(Stored data entries)
################

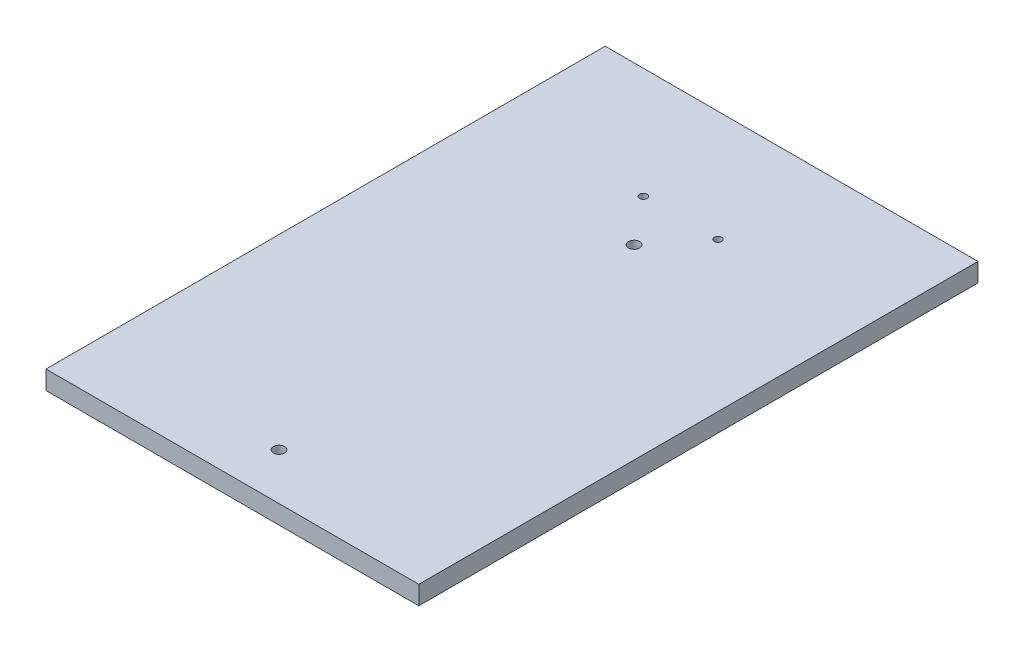
ISO-10303-21;
HEADER;
FILE_DESCRIPTION(('STEP AP214'),'2;1');
FILE_NAME('part.step','',(''),(''),'','','');
FILE_SCHEMA(('AUTOMOTIVE_DESIGN { 1 0 10303 214 1 1 1 1 }'));
ENDSEC;
DATA;
#1=APPLICATION_CONTEXT('core data for automotive mechanical design processes');
#2=APPLICATION_PROTOCOL_DEFINITION('international standard','automotive_design',2000,#1);
#3=PRODUCT_CONTEXT('',#1,'mechanical');
#4=PRODUCT('Part','Part','',(#3));
#5=PRODUCT_RELATED_PRODUCT_CATEGORY('part','',(#4));
#6=PRODUCT_DEFINITION_FORMATION('','',#4);
#7=PRODUCT_DEFINITION_CONTEXT('part definition',#1,'design');
#8=PRODUCT_DEFINITION('design','',#6,#7);
#9=PRODUCT_DEFINITION_SHAPE('','',#8);
#10=(LENGTH_UNIT() NAMED_UNIT(*) SI_UNIT(.MILLI.,.METRE.));
#11=(NAMED_UNIT(*) PLANE_ANGLE_UNIT() SI_UNIT($,.RADIAN.));
#12=(NAMED_UNIT(*) SI_UNIT($,.STERADIAN.) SOLID_ANGLE_UNIT());
#13=UNCERTAINTY_MEASURE_WITH_UNIT(LENGTH_MEASURE(1.E-05),#10,'distance_accuracy_value','');
#14=(GEOMETRIC_REPRESENTATION_CONTEXT(3) GLOBAL_UNCERTAINTY_ASSIGNED_CONTEXT((#13)) GLOBAL_UNIT_ASSIGNED_CONTEXT((#10,
#11,#12)) REPRESENTATION_CONTEXT('',''));
#15=CARTESIAN_POINT('',(0.,0.,0.));
#16=DIRECTION('',(0.,0.,1.));
#17=DIRECTION('',(1.,0.,0.));
#18=AXIS2_PLACEMENT_3D('',#15,#16,#17);
#19=CARTESIAN_POINT('',(-100.,10.,-150.));
#20=DIRECTION('',(1.,0.,0.));
#21=DIRECTION('',(0.,0.,-1.));
#22=AXIS2_PLACEMENT_3D('',#19,#20,#21);
#23=PLANE('',#22);
#24=DIRECTION('',(0.,0.,1.));
#25=VECTOR('',#24,1.);
#26=CARTESIAN_POINT('',(-100.,0.,-150.));
#27=LINE('',#26,#25);
#28=CARTESIAN_POINT('',(-100.,0.,-150.));
#29=VERTEX_POINT('',#28);
#30=CARTESIAN_POINT('',(-100.,0.,150.));
#31=VERTEX_POINT('',#30);
#32=EDGE_CURVE('E97',#29,#31,#27,.T.);
#33=ORIENTED_EDGE('',*,*,#32,.T.);
#34=DIRECTION('',(0.,-1.,0.));
#35=VECTOR('',#34,1.);
#36=CARTESIAN_POINT('',(-100.,10.,150.));
#37=LINE('',#36,#35);
#38=CARTESIAN_POINT('',(-100.,10.,150.));
#39=VERTEX_POINT('',#38);
#40=EDGE_CURVE('E11',#39,#31,#37,.T.);
#41=ORIENTED_EDGE('',*,*,#40,.F.);
#42=DIRECTION('',(0.,0.,1.));
#43=VECTOR('',#42,1.);
#44=CARTESIAN_POINT('',(-100.,10.,-150.));
#45=LINE('',#44,#43);
#46=CARTESIAN_POINT('',(-100.,10.,-150.));
#47=VERTEX_POINT('',#46);
#48=EDGE_CURVE('E85',#47,#39,#45,.T.);
#49=ORIENTED_EDGE('',*,*,#48,.F.);
#50=DIRECTION('',(0.,-1.,0.));
#51=VECTOR('',#50,1.);
#52=CARTESIAN_POINT('',(-100.,10.,-150.));
#53=LINE('',#52,#51);
#54=EDGE_CURVE('E93',#47,#29,#53,.T.);
#55=ORIENTED_EDGE('',*,*,#54,.T.);
#56=EDGE_LOOP('',(#33,#41,#49,#55));
#57=FACE_BOUND('',#56,.T.);
#58=ADVANCED_FACE('F34',(#57),#23,.F.);
#59=CARTESIAN_POINT('',(-100.,10.,150.));
#60=DIRECTION('',(0.,0.,-1.));
#61=DIRECTION('',(-1.,0.,0.));
#62=AXIS2_PLACEMENT_3D('',#59,#60,#61);
#63=PLANE('',#62);
#64=DIRECTION('',(1.,0.,0.));
#65=VECTOR('',#64,1.);
#66=CARTESIAN_POINT('',(-100.,0.,150.));
#67=LINE('',#66,#65);
#68=CARTESIAN_POINT('',(100.,0.,150.));
#69=VERTEX_POINT('',#68);
#70=EDGE_CURVE('E89',#31,#69,#67,.T.);
#71=ORIENTED_EDGE('',*,*,#70,.T.);
#72=DIRECTION('',(0.,-1.,0.));
#73=VECTOR('',#72,1.);
#74=CARTESIAN_POINT('',(100.,10.,150.));
#75=LINE('',#74,#73);
#76=CARTESIAN_POINT('',(100.,10.,150.));
#77=VERTEX_POINT('',#76);
#78=EDGE_CURVE('E42',#77,#69,#75,.T.);
#79=ORIENTED_EDGE('',*,*,#78,.F.);
#80=DIRECTION('',(1.,0.,0.));
#81=VECTOR('',#80,1.);
#82=CARTESIAN_POINT('',(-100.,10.,150.));
#83=LINE('',#82,#81);
#84=EDGE_CURVE('E80',#39,#77,#83,.T.);
#85=ORIENTED_EDGE('',*,*,#84,.F.);
#86=ORIENTED_EDGE('',*,*,#40,.T.);
#87=EDGE_LOOP('',(#71,#79,#85,#86));
#88=FACE_BOUND('',#87,.T.);
#89=ADVANCED_FACE('F88',(#88),#63,.F.);
#90=CARTESIAN_POINT('',(100.,10.,-150.));
#91=DIRECTION('',(-1.,0.,0.));
#92=DIRECTION('',(0.,0.,1.));
#93=AXIS2_PLACEMENT_3D('',#90,#91,#92);
#94=PLANE('',#93);
#95=DIRECTION('',(0.,0.,-1.));
#96=VECTOR('',#95,1.);
#97=CARTESIAN_POINT('',(100.,0.,-150.));
#98=LINE('',#97,#96);
#99=CARTESIAN_POINT('',(100.,0.,-150.));
#100=VERTEX_POINT('',#99);
#101=EDGE_CURVE('E67',#69,#100,#98,.T.);
#102=ORIENTED_EDGE('',*,*,#101,.T.);
#103=DIRECTION('',(0.,-1.,0.));
#104=VECTOR('',#103,1.);
#105=CARTESIAN_POINT('',(100.,10.,-150.));
#106=LINE('',#105,#104);
#107=CARTESIAN_POINT('',(100.,10.,-150.));
#108=VERTEX_POINT('',#107);
#109=EDGE_CURVE('E90',#108,#100,#106,.T.);
#110=ORIENTED_EDGE('',*,*,#109,.F.);
#111=DIRECTION('',(0.,0.,-1.));
#112=VECTOR('',#111,1.);
#113=CARTESIAN_POINT('',(100.,10.,-150.));
#114=LINE('',#113,#112);
#115=EDGE_CURVE('E83',#77,#108,#114,.T.);
#116=ORIENTED_EDGE('',*,*,#115,.F.);
#117=ORIENTED_EDGE('',*,*,#78,.T.);
#118=EDGE_LOOP('',(#102,#110,#116,#117));
#119=FACE_BOUND('',#118,.T.);
#120=ADVANCED_FACE('F91',(#119),#94,.F.);
#121=CARTESIAN_POINT('',(-100.,10.,-150.));
#122=DIRECTION('',(0.,0.,1.));
#123=DIRECTION('',(1.,0.,0.));
#124=AXIS2_PLACEMENT_3D('',#121,#122,#123);
#125=PLANE('',#124);
#126=DIRECTION('',(-1.,0.,0.));
#127=VECTOR('',#126,1.);
#128=CARTESIAN_POINT('',(-100.,0.,-150.));
#129=LINE('',#128,#127);
#130=EDGE_CURVE('E73',#100,#29,#129,.T.);
#131=ORIENTED_EDGE('',*,*,#130,.T.);
#132=ORIENTED_EDGE('',*,*,#54,.F.);
#133=DIRECTION('',(-1.,0.,0.));
#134=VECTOR('',#133,1.);
#135=CARTESIAN_POINT('',(-100.,10.,-150.));
#136=LINE('',#135,#134);
#137=EDGE_CURVE('E50',#108,#47,#136,.T.);
#138=ORIENTED_EDGE('',*,*,#137,.F.);
#139=ORIENTED_EDGE('',*,*,#109,.T.);
#140=EDGE_LOOP('',(#131,#132,#138,#139));
#141=FACE_BOUND('',#140,.T.);
#142=ADVANCED_FACE('F105',(#141),#125,.F.);
#143=CARTESIAN_POINT('',(0.,10.,0.));
#144=DIRECTION('',(0.,1.,0.));
#145=DIRECTION('',(0.,0.,1.));
#146=AXIS2_PLACEMENT_3D('',#143,#144,#145);
#147=PLANE('',#146);
#148=CARTESIAN_POINT('',(20.,10.,-90.5));
#149=DIRECTION('',(0.,1.,0.));
#150=DIRECTION('',(0.,0.,1.));
#151=AXIS2_PLACEMENT_3D('',#148,#149,#150);
#152=CIRCLE('',#151,2.00000000000001);
#153=CARTESIAN_POINT('',(20.,10.,-88.5));
#154=VERTEX_POINT('',#153);
#155=EDGE_CURVE('E129',#154,#154,#152,.T.);
#156=ORIENTED_EDGE('',*,*,#155,.F.);
#157=EDGE_LOOP('',(#156));
#158=FACE_BOUND('',#157,.T.);
#159=CARTESIAN_POINT('',(-20.,10.,-90.5));
#160=DIRECTION('',(0.,1.,0.));
#161=DIRECTION('',(0.,0.,1.));
#162=AXIS2_PLACEMENT_3D('',#159,#160,#161);
#163=CIRCLE('',#162,2.00000000000001);
#164=CARTESIAN_POINT('',(-20.,10.,-88.5));
#165=VERTEX_POINT('',#164);
#166=EDGE_CURVE('E123',#165,#165,#163,.T.);
#167=ORIENTED_EDGE('',*,*,#166,.F.);
#168=EDGE_LOOP('',(#167));
#169=FACE_BOUND('',#168,.T.);
#170=CARTESIAN_POINT('',(0.,10.,-65.5));
#171=DIRECTION('',(0.,1.,0.));
#172=DIRECTION('',(0.,0.,1.));
#173=AXIS2_PLACEMENT_3D('',#170,#171,#172);
#174=CIRCLE('',#173,3.);
#175=CARTESIAN_POINT('',(0.,10.,-62.5));
#176=VERTEX_POINT('',#175);
#177=EDGE_CURVE('E117',#176,#176,#174,.T.);
#178=ORIENTED_EDGE('',*,*,#177,.F.);
#179=EDGE_LOOP('',(#178));
#180=FACE_BOUND('',#179,.T.);
#181=CARTESIAN_POINT('',(0.,10.,125.));
#182=DIRECTION('',(0.,1.,0.));
#183=DIRECTION('',(0.,0.,1.));
#184=AXIS2_PLACEMENT_3D('',#181,#182,#183);
#185=CIRCLE('',#184,3.);
#186=CARTESIAN_POINT('',(0.,10.,128.));
#187=VERTEX_POINT('',#186);
#188=EDGE_CURVE('E111',#187,#187,#185,.T.);
#189=ORIENTED_EDGE('',*,*,#188,.F.);
#190=EDGE_LOOP('',(#189));
#191=FACE_BOUND('',#190,.T.);
#192=ORIENTED_EDGE('',*,*,#48,.T.);
#193=ORIENTED_EDGE('',*,*,#84,.T.);
#194=ORIENTED_EDGE('',*,*,#115,.T.);
#195=ORIENTED_EDGE('',*,*,#137,.T.);
#196=EDGE_LOOP('',(#192,#193,#194,#195));
#197=FACE_BOUND('',#196,.T.);
#198=ADVANCED_FACE('F81',(#158,#169,#180,#191,#197),#147,.T.);
#199=CARTESIAN_POINT('',(0.,0.,0.));
#200=DIRECTION('',(0.,1.,0.));
#201=DIRECTION('',(0.,0.,1.));
#202=AXIS2_PLACEMENT_3D('',#199,#200,#201);
#203=PLANE('',#202);
#204=CARTESIAN_POINT('',(20.,0.,-90.5));
#205=DIRECTION('',(0.,1.,0.));
#206=DIRECTION('',(0.,0.,1.));
#207=AXIS2_PLACEMENT_3D('',#204,#205,#206);
#208=CIRCLE('',#207,2.00000000000001);
#209=CARTESIAN_POINT('',(20.,0.,-88.5));
#210=VERTEX_POINT('',#209);
#211=EDGE_CURVE('E126',#210,#210,#208,.T.);
#212=ORIENTED_EDGE('',*,*,#211,.T.);
#213=EDGE_LOOP('',(#212));
#214=FACE_BOUND('',#213,.T.);
#215=CARTESIAN_POINT('',(-20.,0.,-90.5));
#216=DIRECTION('',(0.,1.,0.));
#217=DIRECTION('',(0.,0.,1.));
#218=AXIS2_PLACEMENT_3D('',#215,#216,#217);
#219=CIRCLE('',#218,2.00000000000001);
#220=CARTESIAN_POINT('',(-20.,0.,-88.5));
#221=VERTEX_POINT('',#220);
#222=EDGE_CURVE('E120',#221,#221,#219,.T.);
#223=ORIENTED_EDGE('',*,*,#222,.T.);
#224=EDGE_LOOP('',(#223));
#225=FACE_BOUND('',#224,.T.);
#226=CARTESIAN_POINT('',(0.,0.,-65.5));
#227=DIRECTION('',(0.,1.,0.));
#228=DIRECTION('',(0.,0.,1.));
#229=AXIS2_PLACEMENT_3D('',#226,#227,#228);
#230=CIRCLE('',#229,3.);
#231=CARTESIAN_POINT('',(0.,0.,-62.5));
#232=VERTEX_POINT('',#231);
#233=EDGE_CURVE('E114',#232,#232,#230,.T.);
#234=ORIENTED_EDGE('',*,*,#233,.T.);
#235=EDGE_LOOP('',(#234));
#236=FACE_BOUND('',#235,.T.);
#237=CARTESIAN_POINT('',(0.,0.,125.));
#238=DIRECTION('',(0.,1.,0.));
#239=DIRECTION('',(0.,0.,1.));
#240=AXIS2_PLACEMENT_3D('',#237,#238,#239);
#241=CIRCLE('',#240,3.);
#242=CARTESIAN_POINT('',(0.,0.,128.));
#243=VERTEX_POINT('',#242);
#244=EDGE_CURVE('E100',#243,#243,#241,.T.);
#245=ORIENTED_EDGE('',*,*,#244,.T.);
#246=EDGE_LOOP('',(#245));
#247=FACE_BOUND('',#246,.T.);
#248=ORIENTED_EDGE('',*,*,#32,.F.);
#249=ORIENTED_EDGE('',*,*,#130,.F.);
#250=ORIENTED_EDGE('',*,*,#101,.F.);
#251=ORIENTED_EDGE('',*,*,#70,.F.);
#252=EDGE_LOOP('',(#248,#249,#250,#251));
#253=FACE_BOUND('',#252,.T.);
#254=ADVANCED_FACE('F108',(#214,#225,#236,#247,#253),#203,.F.);
#255=CARTESIAN_POINT('',(0.,0.,125.));
#256=DIRECTION('',(0.,1.,0.));
#257=DIRECTION('',(0.,0.,1.));
#258=AXIS2_PLACEMENT_3D('',#255,#256,#257);
#259=CYLINDRICAL_SURFACE('',#258,3.);
#260=ORIENTED_EDGE('',*,*,#244,.F.);
#261=EDGE_LOOP('',(#260));
#262=FACE_BOUND('',#261,.T.);
#263=ORIENTED_EDGE('',*,*,#188,.T.);
#264=EDGE_LOOP('',(#263));
#265=FACE_BOUND('',#264,.T.);
#266=ADVANCED_FACE('F153',(#262,#265),#259,.F.);
#267=CARTESIAN_POINT('',(0.,0.,-65.5));
#268=DIRECTION('',(0.,1.,0.));
#269=DIRECTION('',(0.,0.,1.));
#270=AXIS2_PLACEMENT_3D('',#267,#268,#269);
#271=CYLINDRICAL_SURFACE('',#270,3.);
#272=ORIENTED_EDGE('',*,*,#233,.F.);
#273=EDGE_LOOP('',(#272));
#274=FACE_BOUND('',#273,.T.);
#275=ORIENTED_EDGE('',*,*,#177,.T.);
#276=EDGE_LOOP('',(#275));
#277=FACE_BOUND('',#276,.T.);
#278=ADVANCED_FACE('F155',(#274,#277),#271,.F.);
#279=CARTESIAN_POINT('',(-20.,0.,-90.5));
#280=DIRECTION('',(0.,1.,0.));
#281=DIRECTION('',(0.,0.,1.));
#282=AXIS2_PLACEMENT_3D('',#279,#280,#281);
#283=CYLINDRICAL_SURFACE('',#282,2.00000000000001);
#284=ORIENTED_EDGE('',*,*,#222,.F.);
#285=EDGE_LOOP('',(#284));
#286=FACE_BOUND('',#285,.T.);
#287=ORIENTED_EDGE('',*,*,#166,.T.);
#288=EDGE_LOOP('',(#287));
#289=FACE_BOUND('',#288,.T.);
#290=ADVANCED_FACE('F140',(#286,#289),#283,.F.);
#291=CARTESIAN_POINT('',(20.,0.,-90.5));
#292=DIRECTION('',(0.,1.,0.));
#293=DIRECTION('',(0.,0.,1.));
#294=AXIS2_PLACEMENT_3D('',#291,#292,#293);
#295=CYLINDRICAL_SURFACE('',#294,2.00000000000001);
#296=ORIENTED_EDGE('',*,*,#211,.F.);
#297=EDGE_LOOP('',(#296));
#298=FACE_BOUND('',#297,.T.);
#299=ORIENTED_EDGE('',*,*,#155,.T.);
#300=EDGE_LOOP('',(#299));
#301=FACE_BOUND('',#300,.T.);
#302=ADVANCED_FACE('F137',(#298,#301),#295,.F.);
#303=CLOSED_SHELL('',(#58,#89,#120,#142,#198,#254,#266,#278,#290,#302));
#304=MANIFOLD_SOLID_BREP('B2',#303);
#305=ADVANCED_BREP_SHAPE_REPRESENTATION('',(#18,#304),#14);
#306=SHAPE_DEFINITION_REPRESENTATION(#9,#305);
ENDSEC;
END-ISO-10303-21;

################

- [Instructions for the task]: From the line that has "#36=CARTESIAN_POINT('',(-100.,10.,150.));" through the line that has "#57=FACE_BOUND('',#56,.T.);", copy every line exactly as it appears above, and leave out all others.

- [Response to this task]:
#36=CARTESIAN_POINT('',(-100.,10.,150.));
#37=LINE('',#36,#35);
#38=CARTESIAN_POINT('',(-100.,10.,150.));
#39=VERTEX_POINT('',#38);
#40=EDGE_CURVE('E11',#39,#31,#37,.T.);
#41=ORIENTED_EDGE('',*,*,#40,.F.);
#42=DIRECTION('',(0.,0.,1.));
#43=VECTOR('',#42,1.);
#44=CARTESIAN_POINT('',(-100.,10.,-150.));
#45=LINE('',#44,#43);
#46=CARTESIAN_POINT('',(-100.,10.,-150.));
#47=VERTEX_POINT('',#46);
#48=EDGE_CURVE('E85',#47,#39,#45,.T.);
#49=ORIENTED_EDGE('',*,*,#48,.F.);
#50=DIRECTION('',(0.,-1.,0.));
#51=VECTOR('',#50,1.);
#52=CARTESIAN_POINT('',(-100.,10.,-150.));
#53=LINE('',#52,#51);
#54=EDGE_CURVE('E93',#47,#29,#53,.T.);
#55=ORIENTED_EDGE('',*,*,#54,.T.);
#56=EDGE_LOOP('',(#33,#41,#49,#55));
#57=FACE_BOUND('',#56,.T.);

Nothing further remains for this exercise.